[Data records]
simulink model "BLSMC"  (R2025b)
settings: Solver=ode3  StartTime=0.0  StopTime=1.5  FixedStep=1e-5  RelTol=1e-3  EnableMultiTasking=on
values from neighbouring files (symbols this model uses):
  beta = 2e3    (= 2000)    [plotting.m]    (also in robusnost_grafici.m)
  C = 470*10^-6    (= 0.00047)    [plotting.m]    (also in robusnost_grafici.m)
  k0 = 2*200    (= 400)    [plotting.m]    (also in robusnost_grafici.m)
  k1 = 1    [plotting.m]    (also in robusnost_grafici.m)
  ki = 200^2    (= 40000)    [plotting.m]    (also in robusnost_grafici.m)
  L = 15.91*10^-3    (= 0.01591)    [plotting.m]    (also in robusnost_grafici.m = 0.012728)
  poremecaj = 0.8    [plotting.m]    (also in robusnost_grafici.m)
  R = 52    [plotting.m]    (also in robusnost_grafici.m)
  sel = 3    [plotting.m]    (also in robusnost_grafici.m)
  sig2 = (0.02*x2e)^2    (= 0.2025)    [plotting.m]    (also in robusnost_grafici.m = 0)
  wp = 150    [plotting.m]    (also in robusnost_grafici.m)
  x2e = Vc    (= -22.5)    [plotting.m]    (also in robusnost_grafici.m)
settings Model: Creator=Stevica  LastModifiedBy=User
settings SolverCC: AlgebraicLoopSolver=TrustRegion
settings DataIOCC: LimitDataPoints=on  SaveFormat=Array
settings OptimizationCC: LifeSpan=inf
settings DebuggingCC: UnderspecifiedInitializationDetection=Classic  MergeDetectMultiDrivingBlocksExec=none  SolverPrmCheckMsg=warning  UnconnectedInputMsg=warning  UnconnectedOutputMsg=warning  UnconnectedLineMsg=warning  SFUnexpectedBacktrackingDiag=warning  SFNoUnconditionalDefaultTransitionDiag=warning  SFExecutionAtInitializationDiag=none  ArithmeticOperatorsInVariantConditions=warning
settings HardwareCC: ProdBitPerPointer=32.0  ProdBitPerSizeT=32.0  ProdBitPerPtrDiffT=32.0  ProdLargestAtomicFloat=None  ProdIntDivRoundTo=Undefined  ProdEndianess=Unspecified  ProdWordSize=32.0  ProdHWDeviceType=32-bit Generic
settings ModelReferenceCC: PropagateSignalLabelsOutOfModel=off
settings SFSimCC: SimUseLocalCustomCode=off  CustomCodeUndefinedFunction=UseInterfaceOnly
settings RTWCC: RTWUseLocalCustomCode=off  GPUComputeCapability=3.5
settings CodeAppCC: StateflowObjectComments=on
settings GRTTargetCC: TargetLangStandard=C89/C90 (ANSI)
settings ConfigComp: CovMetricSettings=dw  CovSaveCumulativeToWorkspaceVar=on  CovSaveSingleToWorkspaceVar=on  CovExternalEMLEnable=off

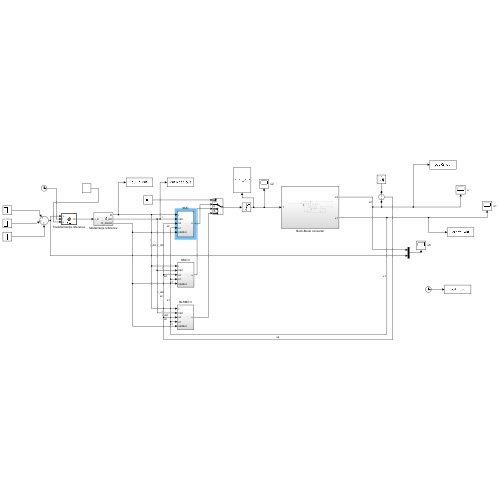
[thumbnail: Simulink's stored preview of the top-level diagram]
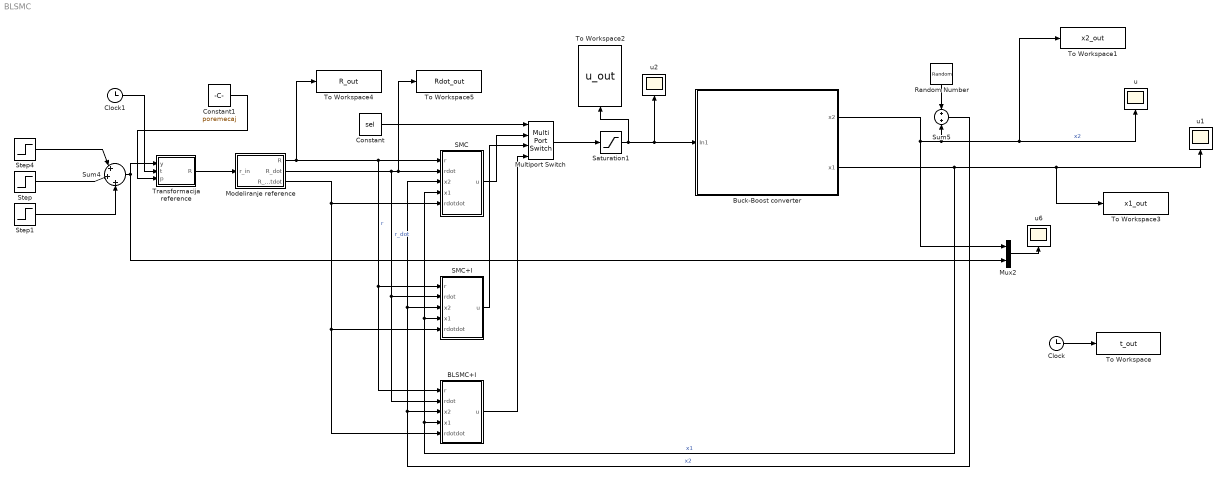
== system BLSMC ==
  BLSMC+I : Subsystem
      settings: PortSchema="{\"entries\":[{\"content\":{\"sides\":[{\"content\":{\"connectorIds\":[\"Out1\"]},\"type\":\"ConnectorPlacement.EquallySpacedRectSide\",\"uuid\":\"fc4d1246-7468-4525-a5ed-aeaa813f79b9\"},{\"content\":{\"connectorIds\":[\"In1\",\"In2\",\"In3\",\"In4\",\"In5\"],\"side\":\"RIGHT\"},\"type\":\"ConnectorPlacement.EquallySpacedRectSide\",\"uuid\":\"043d6a8f-e326-4119-9507-3ed5a55de0f4\"},{\"content\":{\"side\":\"TOP\"},\"type\":\"ConnectorPlacement.EquallySpacedRectSide\",\"uuid\":\"52d26304-56e6-4b52-8faf-a8e357024c95\"}]},\"type\":\"ConnectorPlacement.EquallySpacedConnector\",\"uuid\":\"d1c4fd68-439c-47cf-b9bf-33c74b646101\"}],\"packageUris\":[\"http://schema.mathworks.com/mf0/Connector/R2020b\"],\"version\":\"1.0\"}"
  Buck-Boost converter : Subsystem
  Clock : Clock
  Clock1 : Clock
  Constant : Constant  Value=sel
  Constant1 : Constant  Value=poremecaj
  Modeliranje reference : Subsystem
  Multiport Switch : MultiPortSwitch  SaturateOnIntegerOverflow=off  InputSameDT=off
  Mux2 : Mux  Inputs=2
  Random Number : RandomNumber  Variance=sig2  SampleTime=1e-5
  SMC : Subsystem
      settings: PortSchema="{\"entries\":[{\"content\":{\"sides\":[{\"content\":{\"connectorIds\":[\"Out1\"]},\"type\":\"ConnectorPlacement.EquallySpacedRectSide\",\"uuid\":\"fc4d1246-7468-4525-a5ed-aeaa813f79b9\"},{\"content\":{\"connectorIds\":[\"In1\",\"In2\",\"In3\",\"In4\",\"In5\"],\"side\":\"RIGHT\"},\"type\":\"ConnectorPlacement.EquallySpacedRectSide\",\"uuid\":\"043d6a8f-e326-4119-9507-3ed5a55de0f4\"},{\"content\":{\"side\":\"TOP\"},\"type\":\"ConnectorPlacement.EquallySpacedRectSide\",\"uuid\":\"52d26304-56e6-4b52-8faf-a8e357024c95\"}]},\"type\":\"ConnectorPlacement.EquallySpacedConnector\",\"uuid\":\"d1c4fd68-439c-47cf-b9bf-33c74b646101\"}],\"packageUris\":[\"http://schema.mathworks.com/mf0/Connector/R2020b\"],\"version\":\"1.0\"}"
  SMC+I : Subsystem
      settings: PortSchema="{\"entries\":[{\"content\":{\"sides\":[{\"content\":{\"connectorIds\":[\"Out1\"]},\"type\":\"ConnectorPlacement.EquallySpacedRectSide\",\"uuid\":\"fc4d1246-7468-4525-a5ed-aeaa813f79b9\"},{\"content\":{\"connectorIds\":[\"In1\",\"In2\",\"In3\",\"In4\",\"In5\"],\"side\":\"RIGHT\"},\"type\":\"ConnectorPlacement.EquallySpacedRectSide\",\"uuid\":\"043d6a8f-e326-4119-9507-3ed5a55de0f4\"},{\"content\":{\"side\":\"TOP\"},\"type\":\"ConnectorPlacement.EquallySpacedRectSide\",\"uuid\":\"52d26304-56e6-4b52-8faf-a8e357024c95\"}]},\"type\":\"ConnectorPlacement.EquallySpacedConnector\",\"uuid\":\"d1c4fd68-439c-47cf-b9bf-33c74b646101\"}],\"packageUris\":[\"http://schema.mathworks.com/mf0/Connector/R2020b\"],\"version\":\"1.0\"}"
  Saturation1 : Saturate  UpperLimit=1  LowerLimit=0
  Step : Step  Time=0.5  After=5  SampleTime=0
  Step1 : Step  After=-5  SampleTime=0
  Step4 : Step  Time=0  After=x2e  SampleTime=0
  Sum4 : Sum  Inputs=|+|+|+
  Sum5 : Sum
  To Workspace : ToWorkspace  VariableName=t_out  SampleTime=-1
  To Workspace1 : ToWorkspace  VariableName=x2_out  SampleTime=-1
  To Workspace2 : ToWorkspace  VariableName=u_out  SampleTime=-1
  To Workspace3 : ToWorkspace  VariableName=x1_out  SampleTime=-1
  To Workspace4 : ToWorkspace  VariableName=R_out  SampleTime=-1
  To Workspace5 : ToWorkspace  VariableName=Rdot_out  SampleTime=-1
  Transformacija reference : MATLAB Function  TreatAsAtomicUnit=on
  u{,1..2,6} (4 alike) : Scope
      u settings: ActiveDisplayYMinimum=-24.287940428418956  ActiveDisplayYMaximum=-16.345568269350679
      u1 settings: ActiveDisplayYMinimum=-0.56796240385681784  ActiveDisplayYMaximum=46.459814294123959
      u2 settings: ActiveDisplayYMinimum=0.31863871310778108  ActiveDisplayYMaximum=0.92761461889170183  DataLoggingVariableName=ScopeData3
      u6 settings: ActiveDisplayYMinimum=-24.906803320525466  ActiveDisplayYMaximum=-19.322890473907805  DataLoggingVariableName=ScopeData8
  wires:
  Buck-Boost converter/2(x1) -> To Workspace3/1, u1/1, BLSMC+I/4(x1), SMC/4(x1), SMC+I/4(x1)  "x1"
  Saturation1/1 -> Buck-Boost converter/1(In1), u2/1, To Workspace2/1
  Sum4/1 -> Mux2/2, Transformacija reference/1(y)
  Step/1 -> Sum4/2
  Step1/1 -> Sum4/3
  Sum5/1 -> BLSMC+I/3(x2), SMC/3(x2), SMC+I/3(x2)  "x2"
  Mux2/1 -> u6/1
  Step4/1 -> Sum4/1
  SMC/1(u) -> Multiport Switch/2
  Multiport Switch/1 -> Saturation1/1
  Modeliranje reference/1(R) -> To Workspace4/1, BLSMC+I/1(r), SMC+I/1(r), SMC/1(r)  "r"
  Modeliranje reference/2(R_dot) -> To Workspace5/1, SMC/2(rdot), BLSMC+I/2(rdot), SMC+I/2(rdot)  "r_dot"
  SMC+I/1(u) -> Multiport Switch/3
  BLSMC+I/1(u) -> Multiport Switch/4
  Constant/1 -> Multiport Switch/1
  Modeliranje reference/3(R_dotdot) -> SMC+I/5(rdotdot), BLSMC+I/5(rdotdot), SMC/5(rdotdot)
  Random Number/1 -> Sum5/1
  Buck-Boost converter/1(x2) -> Mux2/1, To Workspace1/1, u/1, Sum5/2  "x2"
  Clock/1 -> To Workspace/1
  Transformacija reference/1(R) -> Modeliranje reference/1(r_in)
  Clock1/1 -> Transformacija reference/2(t)
  Constant1/1 -> Transformacija reference/3(p)

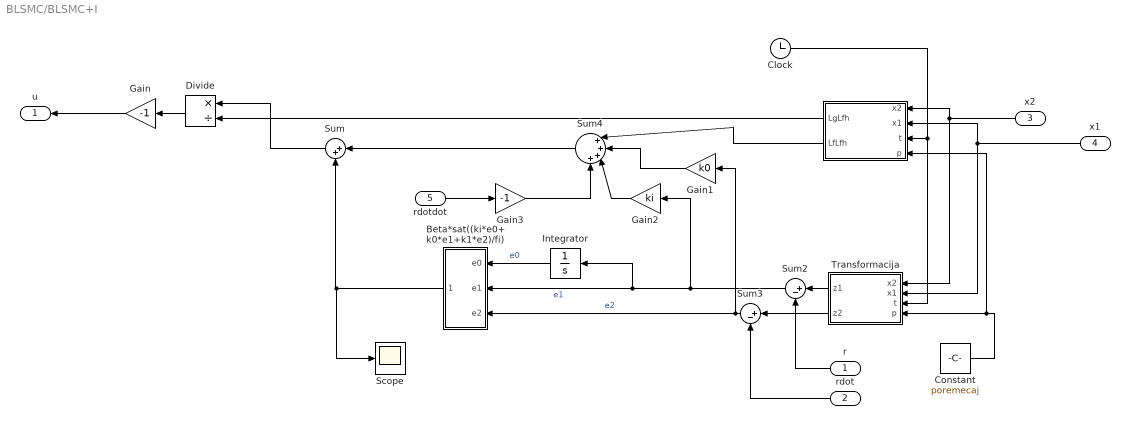
== system BLSMC/BLSMC+I ==
  r : Inport
  rdot : Inport  Port=2
  x2 : Inport  Port=3
  x1 : Inport  Port=4
  rdotdot : Inport  Port=5
  " " : MATLAB Function  TreatAsAtomicUnit=on
  Beta*sat((ki*e0+ k0*e1+k1*e2)/fi) : Subsystem
  Clock : Clock
  Constant : Constant  Value=poremecaj
  Divide : Product  Inputs=*/
  Gain : Gain  Gain=-1
  Gain1 : Gain  Gain=k0
  Gain2 : Gain  Gain=ki
  Gain3 : Gain  Gain=-1
  Integrator : Integrator
  Scope : Scope
      settings: ActiveDisplayYMinimum=-2170.4046249704252  ActiveDisplayYMaximum=-1714.2392861068972  DataLoggingVariableName=ScopeData4
  Sum : Sum  Inputs=|++
  Sum2 : Sum  Inputs=|+-
  Sum3 : Sum  Inputs=|+-
  Sum4 : Sum  Inputs=|++++
  Transformacija : MATLAB Function  TreatAsAtomicUnit=on
  u : Outport
  wires:
  Transformacija/1(z1) -> Sum2/1
  x2/1 -> Transformacija/1(x2), " "/1(x2)
  x1/1 -> Transformacija/2(x1), " "/2(x1)
  Transformacija/2(z2) -> Sum3/1
  Sum3/1 -> Gain1/1, Beta*sat((ki*e0+ k0*e1+k1*e2)/fi)/3(e2)  "e2"
  r/1 -> Sum2/2
  rdot/1 -> Sum3/2
  " "/2(LfLfh) -> Sum4/1
  Gain1/1 -> Sum4/2
  Sum4/1 -> Sum/1
  Sum2/1 -> Gain2/1, Integrator/1, Beta*sat((ki*e0+ k0*e1+k1*e2)/fi)/2(e1)  "e1"
  Beta*sat((ki*e0+ k0*e1+k1*e2)/fi)/1(Out1) -> Scope/1, Sum/2
  Sum/1 -> Divide/1
  " "/1(LgLfh) -> Divide/2
  Divide/1 -> Gain/1
  Gain/1 -> u/1
  Integrator/1 -> Beta*sat((ki*e0+ k0*e1+k1*e2)/fi)/1(e0)  "e0"
  Gain2/1 -> Sum4/3
  rdotdot/1 -> Gain3/1
  Gain3/1 -> Sum4/4
  Clock/1 -> Transformacija/3(t), " "/3(t)
  Constant/1 -> " "/4(p), Transformacija/4(p)

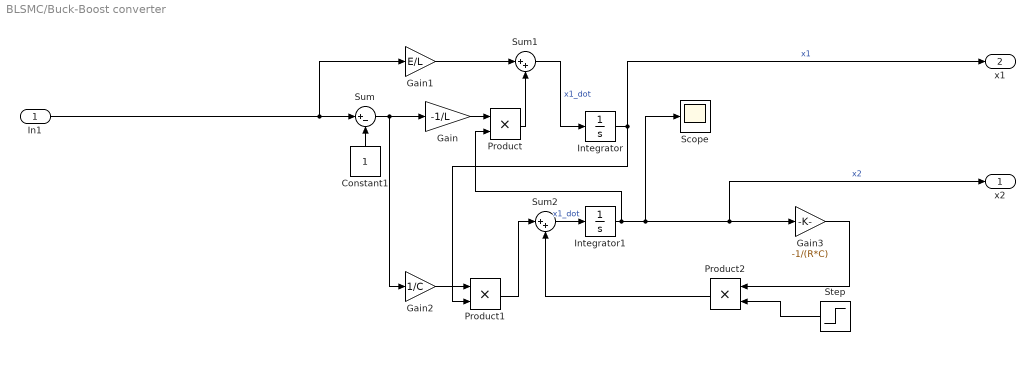
== system BLSMC/Buck-Boost converter ==
  In1 : Inport
  Constant1 : Constant
  Gain : Gain  Gain=-1/L
  Gain1 : Gain  Gain=E/L
  Gain2 : Gain  Gain=1/C
  Gain3 : Gain  Gain=-1/(R*C)
  Integrator : Integrator
  Integrator1 : Integrator
  Product : Product
  Product1 : Product
  Product2 : Product
  Scope : Scope
      settings: ActiveDisplayYMinimum=-25.046281735862888  ActiveDisplayYMaximum=-15.447926718255747  DataLoggingVariableName=ScopeData8
  Step : Step  Time=1.3  Before=1  After=1/poremecaj  SampleTime=0
  Sum : Sum  Inputs=|+-
  Sum1 : Sum  Inputs=|++
  Sum2 : Sum  Inputs=|++
  x2 : Outport
  x1 : Outport  Port=2
  wires:
  Gain/1 -> Product/1
  In1/1 -> Gain1/1, Sum/1
  Sum1/1 -> Integrator/1  "x1_dot"
  Gain1/1 -> Sum1/1
  Sum/1 -> Gain2/1, Gain/1
  Constant1/1 -> Sum/2
  Gain2/1 -> Product1/1
  Product/1 -> Sum1/2
  Integrator1/1 -> x2/1, Gain3/1, Scope/1, Product/2  "x2"
  Product1/1 -> Sum2/1
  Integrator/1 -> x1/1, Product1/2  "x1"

ASSIGNMENT: In the entries above, the lines between the one holding "system BLSMC/Buck-Boost converter" and the one holding "Sum1/1 -> Integrator/1", inclusive, are to be printed exactly as written, and those alone.

SOLUTION:
== system BLSMC/Buck-Boost converter ==
  In1 : Inport
  Constant1 : Constant
  Gain : Gain  Gain=-1/L
  Gain1 : Gain  Gain=E/L
  Gain2 : Gain  Gain=1/C
  Gain3 : Gain  Gain=-1/(R*C)
  Integrator : Integrator
  Integrator1 : Integrator
  Product : Product
  Product1 : Product
  Product2 : Product
  Scope : Scope
      settings: ActiveDisplayYMinimum=-25.046281735862888  ActiveDisplayYMaximum=-15.447926718255747  DataLoggingVariableName=ScopeData8
  Step : Step  Time=1.3  Before=1  After=1/poremecaj  SampleTime=0
  Sum : Sum  Inputs=|+-
  Sum1 : Sum  Inputs=|++
  Sum2 : Sum  Inputs=|++
  x2 : Outport
  x1 : Outport  Port=2
  wires:
  Gain/1 -> Product/1
  In1/1 -> Gain1/1, Sum/1
  Sum1/1 -> Integrator/1  "x1_dot"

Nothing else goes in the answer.